Pipes and the tidyverse mental model
This document is optional, but strongly recommended.
If you are new to R or come from another language, understanding pipes will make the entire course easier, clearer, and more enjoyable.
1 What a pipe really means
In tidyverse-style R, the pipe operator |> means:
“take the result of the previous step and pass it as the input of the next one”
A useful way to read a pipeline is to mentally replace |> with the word “then”.
For example:
df |>
filter(value > 0) |>
summarise(mean_value = mean(value))can be read as:
“take
df, then filter rows wherevalue > 0, then compute the mean ofvalue.”
If you can read a pipeline out loud using “then” and it still makes sense,
you are probably writing clear tidyverse code.
For more on style, including guidance on pipes, see
R for Data Science (2e) — Workflow: code style (Pipes).
2 Tidyverse code with and without pipes
df_filtered <- filter(df, value > 0)
df_transformed <- mutate(df_filtered, log_value = log(value))
df_grouped <- group_by(df_transformed, id)
df_summary <- summarise(df_grouped, mean_value = mean(log_value))- Explicit intermediate objects
- More typing
- Easier to lose the “story” of the data
df |>
filter(value > 0) |>
mutate(log_value = log(value)) |>
group_by(id) |>
summarise(mean_value = mean(log_value))- One clear data flow
- No temporary variables
- Easier to read, explain, and debug
3 The tidyverse mental model
A tidyverse pipeline usually follows this pattern:
- start with a dataset
- filter rows
- create or transform variables
- group the data
- summarise
This is not a strict rule, but a very common and effective structure.
Most tidyverse verbs return a new tibble.
The original data is never modified unless you explicitly reassign it.
If you want a broader overview of how the pieces fit together, see
R for Data Science (2e) — Introduction.
4 Pipes are not magic
The pipe does not change what functions do.
It only changes how inputs are passed.
4.1 Without pipes
summarise(
group_by(
mutate(
filter(df, value > 0),
log_value = log(value)
),
id
),
mean_value = mean(log_value)
)4.2 With pipes
df |>
filter(value > 0) |>
mutate(log_value = log(value)) |>
group_by(id) |>
summarise(mean_value = mean(log_value))If you can rewrite a pipeline as nested function calls,
then the pipeline is doing exactly what you think it is.
5 Pipes and column references
Inside tidyverse verbs, column names are used directly.
df |>
summarise(mean_value = mean(value, na.rm = TRUE))No $, no indexing, no extra syntax.
This works because tidyverse uses data-masking:
column names are looked up automatically inside the data.

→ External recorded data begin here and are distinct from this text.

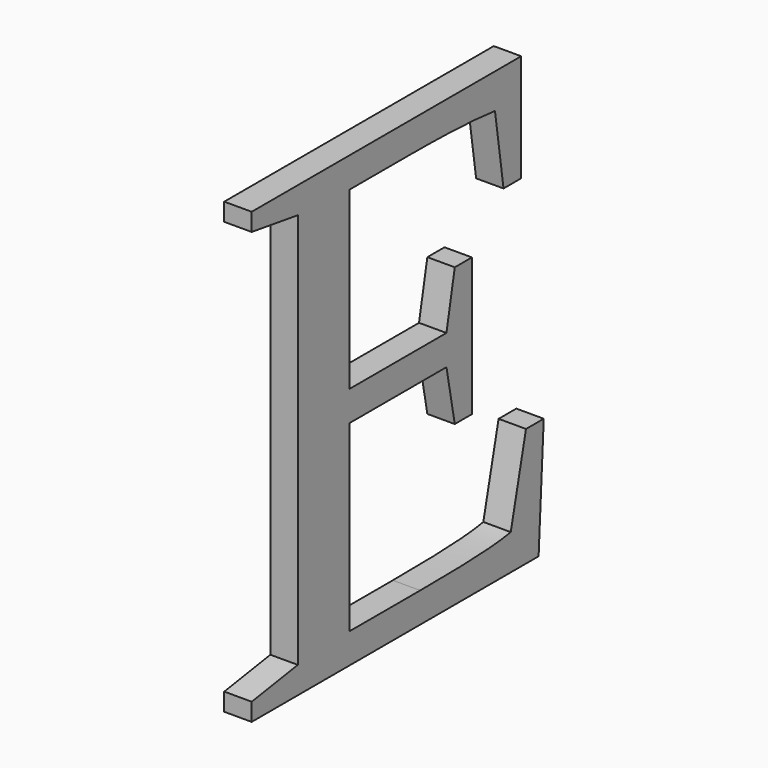
from build123d import *

# Parameters (mm, degrees)
F0_TEXT_SIZE = 635
F1_DEPTH     = 25.4


# Not quite as in the source:
# - Text() gives the source's letters only with a copy of the font that has no kerning and outlines rounded to 1/6400 em; it was checked with that copy


with BuildPart() as f1:
    # F0 (on Right) → F1 (new body)
    with BuildSketch(Plane.YZ):
        with Locations((-508.1671011149, 0)):
            Text('E', F0_TEXT_SIZE, font='Tinos', text_align=(TextAlign.LEFT, TextAlign.BOTTOM))
    extrude(amount=F1_DEPTH)


solid = f1.part

You do not need to master these details for this course.
If you are curious about what’s happening under the hood, see
R for Data Science (2e) — Functions.
6 Why we avoid $ in this course
- It breaks the pipeline mental model
- It mixes different styles of R
- It becomes confusing with grouped data
For clarity and consistency, we will stick to tidyverse verbs and pipelines.
7 Common pipe mistakes
7.1 Breaking the pipeline
df |>
filter(value > 0)
mutate(log_value = log(value))The second line does not receive the result of the pipeline.
Correct:
df |>
filter(value > 0) |>
mutate(log_value = log(value))7.2 Forgetting reassignment
df |>
mutate(x = x * 2)Nothing changes.
Correct:
df <- df |>
mutate(x = x * 2)If you forget to reassign, the pipeline runs but the result is discarded.
8 Pipes and readability
Pipelines are about clarity, not cleverness.
Prefer this:
df |>
filter(value > 0) |>
group_by(id) |>
summarise(mean_value = mean(value))Over this:
df |> filter(value > 0) |> group_by(id) |> summarise(mean_value = mean(value))One verb per line is a good default.
For more examples of filter(), mutate(), group_by(), and summarise(), see
R for Data Science (2e) — Data transformation.
9 When not to use pipes
Pipes work best for linear transformations.
They are less useful for:
- complex branching logic
- deeply nested conditionals
- non–data-centric code
Even so, in this course we will often prefer pipelines for consistency.
df |>
summarise(mean_value = mean(value, na.rm = TRUE))10 Pipes in this course
Throughout the course:
- all data manipulation examples will use pipes
- tidyverse verbs will be preferred
- clarity will be valued over clever tricks
If something feels confusing, read the pipeline top to bottom, step by step —
using “then” as you go.
11 Final takeaway
If you understand pipes, you understand most of tidyverse-based R.
Everything else in the course builds on this idea.